Unions are divided over how to relate to the Chinese working class, with some (particularly in the top leadership of the ITUC) urging some kind of constructive engagement with the existing state-controlled “unions” while others hold fast to the traditional Western union stance of working only with independent, genuine unions (which remain illegal in China).

And China’s not the only government that represses trade unions. The ITUC’s annual report on trade union rights around the globe always makes headlines with its chilling statistics regarding how many trade unionists were murdered in the previous year.

And even if union leaders get everything right, there remains the problem of what used to be called “class consciousness”–working people who do not yet fully understand that the things which unite us as a class are far more important than the things that divide us, such as nationality, ethnicity, religion and race.

We see this in the unfortunate call by former British Labour Prime Minister Gordon Brown for “British Jobs for British Workers” and the use of “Buy American” as a synonym for “Buy Union” among some trade unionists in the United States.

It’s not about defending our jobs against other workers who are competing for them; it’s about building solidarity across borders and cultures and languages.

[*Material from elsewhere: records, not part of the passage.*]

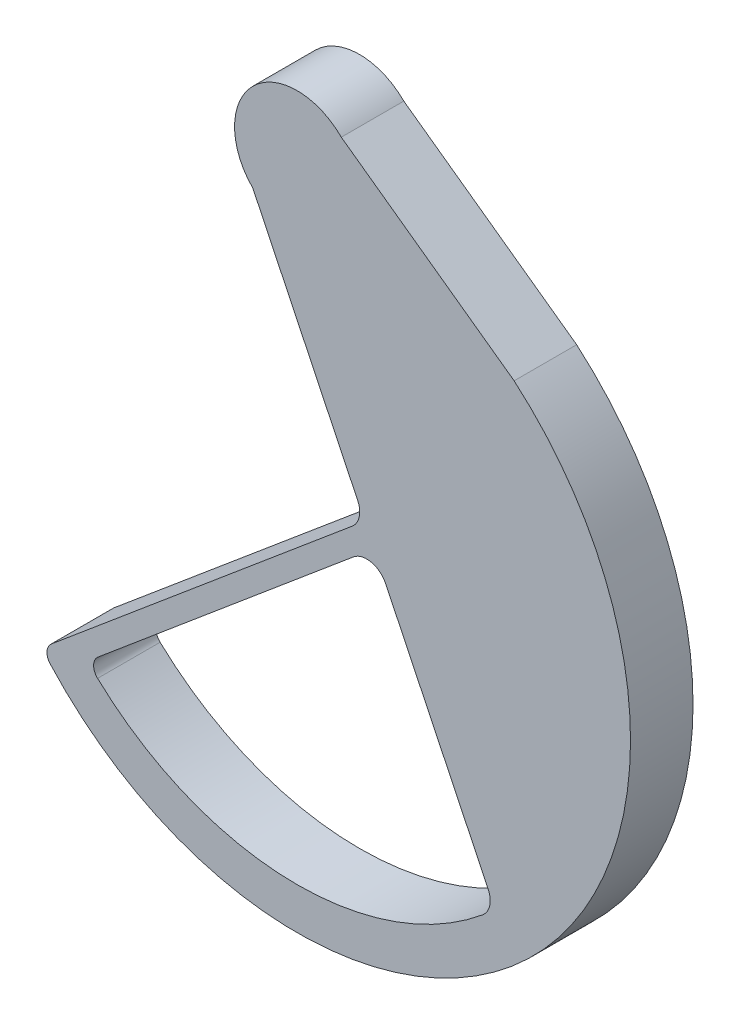
ISO-10303-21;
HEADER;
FILE_DESCRIPTION(('STEP AP214'),'2;1');
FILE_NAME('part.step','',(''),(''),'','','');
FILE_SCHEMA(('AUTOMOTIVE_DESIGN { 1 0 10303 214 1 1 1 1 }'));
ENDSEC;
DATA;
#1=APPLICATION_CONTEXT('core data for automotive mechanical design processes');
#2=APPLICATION_PROTOCOL_DEFINITION('international standard','automotive_design',2000,#1);
#3=PRODUCT_CONTEXT('',#1,'mechanical');
#4=PRODUCT('Part','Part','',(#3));
#5=PRODUCT_RELATED_PRODUCT_CATEGORY('part','',(#4));
#6=PRODUCT_DEFINITION_FORMATION('','',#4);
#7=PRODUCT_DEFINITION_CONTEXT('part definition',#1,'design');
#8=PRODUCT_DEFINITION('design','',#6,#7);
#9=PRODUCT_DEFINITION_SHAPE('','',#8);
#10=(LENGTH_UNIT() NAMED_UNIT(*) SI_UNIT(.MILLI.,.METRE.));
#11=(NAMED_UNIT(*) PLANE_ANGLE_UNIT() SI_UNIT($,.RADIAN.));
#12=(NAMED_UNIT(*) SI_UNIT($,.STERADIAN.) SOLID_ANGLE_UNIT());
#13=UNCERTAINTY_MEASURE_WITH_UNIT(LENGTH_MEASURE(1.E-05),#10,'distance_accuracy_value','');
#14=(GEOMETRIC_REPRESENTATION_CONTEXT(3) GLOBAL_UNCERTAINTY_ASSIGNED_CONTEXT((#13)) GLOBAL_UNIT_ASSIGNED_CONTEXT((#10,
#11,#12)) REPRESENTATION_CONTEXT('',''));
#15=CARTESIAN_POINT('',(0.,0.,0.));
#16=DIRECTION('',(0.,0.,1.));
#17=DIRECTION('',(1.,0.,0.));
#18=AXIS2_PLACEMENT_3D('',#15,#16,#17);
#19=CARTESIAN_POINT('',(-12.7570586950624,-6.1348621133076,15.));
#20=DIRECTION('',(0.901206602628173,0.433389731511241,0.));
#21=DIRECTION('',(-0.433389731511241,0.901206602628173,0.));
#22=AXIS2_PLACEMENT_3D('',#19,#20,#21);
#23=PLANE('',#22);
#24=DIRECTION('',(0.433389731511241,-0.901206602628173,0.));
#25=VECTOR('',#24,1.);
#26=CARTESIAN_POINT('',(-12.7570586950624,-6.1348621133076,0.));
#27=LINE('',#26,#25);
#28=CARTESIAN_POINT('',(21.2324006956412,-76.8137984043253,0.));
#29=VERTEX_POINT('',#28);
#30=CARTESIAN_POINT('',(45.844843506453,-127.9938203457,0.));
#31=VERTEX_POINT('',#30);
#32=EDGE_CURVE('E185',#29,#31,#27,.T.);
#33=ORIENTED_EDGE('',*,*,#32,.T.);
#34=DIRECTION('',(0.,0.,-1.));
#35=VECTOR('',#34,1.);
#36=CARTESIAN_POINT('',(45.844843506453,-127.9938203457,15.));
#37=LINE('',#36,#35);
#38=CARTESIAN_POINT('',(45.844843506453,-127.9938203457,15.));
#39=VERTEX_POINT('',#38);
#40=EDGE_CURVE('E11',#39,#31,#37,.T.);
#41=ORIENTED_EDGE('',*,*,#40,.F.);
#42=DIRECTION('',(0.433389731511241,-0.901206602628173,0.));
#43=VECTOR('',#42,1.);
#44=CARTESIAN_POINT('',(-12.7570586950624,-6.1348621133076,15.));
#45=LINE('',#44,#43);
#46=CARTESIAN_POINT('',(21.2324006956412,-76.8137984043253,15.));
#47=VERTEX_POINT('',#46);
#48=EDGE_CURVE('E250',#47,#39,#45,.T.);
#49=ORIENTED_EDGE('',*,*,#48,.F.);
#50=DIRECTION('',(0.,0.,-1.));
#51=VECTOR('',#50,1.);
#52=CARTESIAN_POINT('',(21.2324006956412,-76.8137984043253,15.));
#53=LINE('',#52,#51);
#54=EDGE_CURVE('E198',#47,#29,#53,.T.);
#55=ORIENTED_EDGE('',*,*,#54,.T.);
#56=EDGE_LOOP('',(#33,#41,#49,#55));
#57=FACE_BOUND('',#56,.T.);
#58=ADVANCED_FACE('F35',(#57),#23,.F.);
#59=CARTESIAN_POINT('',(41.3388104933121,-130.160769003256,15.));
#60=DIRECTION('',(0.,0.,-1.));
#61=DIRECTION('',(-1.,0.,0.));
#62=AXIS2_PLACEMENT_3D('',#59,#60,#61);
#63=CYLINDRICAL_SURFACE('',#62,4.99999999999999);
#64=CARTESIAN_POINT('',(41.3388104933121,-130.160769003256,0.));
#65=DIRECTION('',(0.,0.,1.));
#66=DIRECTION('',(1.,0.,0.));
#67=AXIS2_PLACEMENT_3D('',#64,#65,#66);
#68=CIRCLE('',#67,4.99999999999999);
#69=CARTESIAN_POINT('',(44.5187189927976,-134.019289695814,0.));
#70=VERTEX_POINT('',#69);
#71=EDGE_CURVE('E188',#31,#70,#68,.F.);
#72=ORIENTED_EDGE('',*,*,#71,.T.);
#73=DIRECTION('',(0.,0.,-1.));
#74=VECTOR('',#73,1.);
#75=CARTESIAN_POINT('',(44.5187189927976,-134.019289695814,15.));
#76=LINE('',#75,#74);
#77=CARTESIAN_POINT('',(44.5187189927976,-134.019289695814,15.));
#78=VERTEX_POINT('',#77);
#79=EDGE_CURVE('E45',#78,#70,#76,.T.);
#80=ORIENTED_EDGE('',*,*,#79,.F.);
#81=CARTESIAN_POINT('',(41.3388104933121,-130.160769003256,15.));
#82=DIRECTION('',(0.,0.,1.));
#83=DIRECTION('',(1.,0.,0.));
#84=AXIS2_PLACEMENT_3D('',#81,#82,#83);
#85=CIRCLE('',#84,4.99999999999999);
#86=EDGE_CURVE('E252',#39,#78,#85,.F.);
#87=ORIENTED_EDGE('',*,*,#86,.F.);
#88=ORIENTED_EDGE('',*,*,#40,.T.);
#89=EDGE_LOOP('',(#72,#80,#87,#88));
#90=FACE_BOUND('',#89,.T.);
#91=ADVANCED_FACE('F276',(#90),#63,.F.);
#92=CARTESIAN_POINT('',(0.,-80.,15.));
#93=DIRECTION('',(0.,0.,-1.));
#94=DIRECTION('',(-1.,0.,0.));
#95=AXIS2_PLACEMENT_3D('',#92,#93,#94);
#96=CYLINDRICAL_SURFACE('',#95,70.);
#97=CARTESIAN_POINT('',(0.,-80.,0.));
#98=DIRECTION('',(0.,0.,1.));
#99=DIRECTION('',(1.,0.,0.));
#100=AXIS2_PLACEMENT_3D('',#97,#98,#99);
#101=CIRCLE('',#100,70.);
#102=CARTESIAN_POINT('',(-47.870174388264,-131.072951785042,0.));
#103=VERTEX_POINT('',#102);
#104=EDGE_CURVE('E191',#103,#70,#101,.T.);
#105=ORIENTED_EDGE('',*,*,#104,.F.);
#106=DIRECTION('',(0.,0.,-1.));
#107=VECTOR('',#106,1.);
#108=CARTESIAN_POINT('',(-47.870174388264,-131.072951785042,15.));
#109=LINE('',#108,#107);
#110=CARTESIAN_POINT('',(-47.870174388264,-131.072951785042,15.));
#111=VERTEX_POINT('',#110);
#112=EDGE_CURVE('E155',#111,#103,#109,.T.);
#113=ORIENTED_EDGE('',*,*,#112,.F.);
#114=CARTESIAN_POINT('',(0.,-80.,15.));
#115=DIRECTION('',(0.,0.,1.));
#116=DIRECTION('',(1.,0.,0.));
#117=AXIS2_PLACEMENT_3D('',#114,#115,#116);
#118=CIRCLE('',#117,70.);
#119=EDGE_CURVE('E148',#111,#78,#118,.T.);
#120=ORIENTED_EDGE('',*,*,#119,.T.);
#121=ORIENTED_EDGE('',*,*,#79,.T.);
#122=EDGE_LOOP('',(#105,#113,#120,#121));
#123=FACE_BOUND('',#122,.T.);
#124=ADVANCED_FACE('F255',(#123),#96,.F.);
#125=CARTESIAN_POINT('',(-45.8185954859101,-128.884110994254,15.));
#126=DIRECTION('',(0.,0.,-1.));
#127=DIRECTION('',(-1.,0.,0.));
#128=AXIS2_PLACEMENT_3D('',#125,#126,#127);
#129=CYLINDRICAL_SURFACE('',#128,2.99999999999979);
#130=CARTESIAN_POINT('',(-45.8185954859101,-128.884110994254,0.));
#131=DIRECTION('',(0.,0.,1.));
#132=DIRECTION('',(1.,0.,0.));
#133=AXIS2_PLACEMENT_3D('',#130,#131,#132);
#134=CIRCLE('',#133,2.99999999999979);
#135=CARTESIAN_POINT('',(-47.7476784165524,-126.586582094174,0.));
#136=VERTEX_POINT('',#135);
#137=EDGE_CURVE('E154',#103,#136,#134,.F.);
#138=ORIENTED_EDGE('',*,*,#137,.T.);
#139=DIRECTION('',(0.,0.,-1.));
#140=VECTOR('',#139,1.);
#141=CARTESIAN_POINT('',(-47.7476784165524,-126.586582094174,15.));
#142=LINE('',#141,#140);
#143=CARTESIAN_POINT('',(-47.7476784165524,-126.586582094174,15.));
#144=VERTEX_POINT('',#143);
#145=EDGE_CURVE('E151',#144,#136,#142,.T.);
#146=ORIENTED_EDGE('',*,*,#145,.F.);
#147=CARTESIAN_POINT('',(-45.8185954859101,-128.884110994254,15.));
#148=DIRECTION('',(0.,0.,1.));
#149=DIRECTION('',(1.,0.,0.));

That means support for migrant workers, solidarity with countries like Greece fighting against austerity, and a strategy toward China that focusses on building genuine independent trade unions from the ground up.

Even with those challenges, I’m convinced that the vision of Marx and Engels, Fimmen and Levinson, will become real, and sooner rather than later. This is true due to the combination of the powerful traditions of trade union solidarity with the very latest technologies that make that solidarity possible.

The workers of the world will unite, and they’ll be using their tablets and smartphones to do it.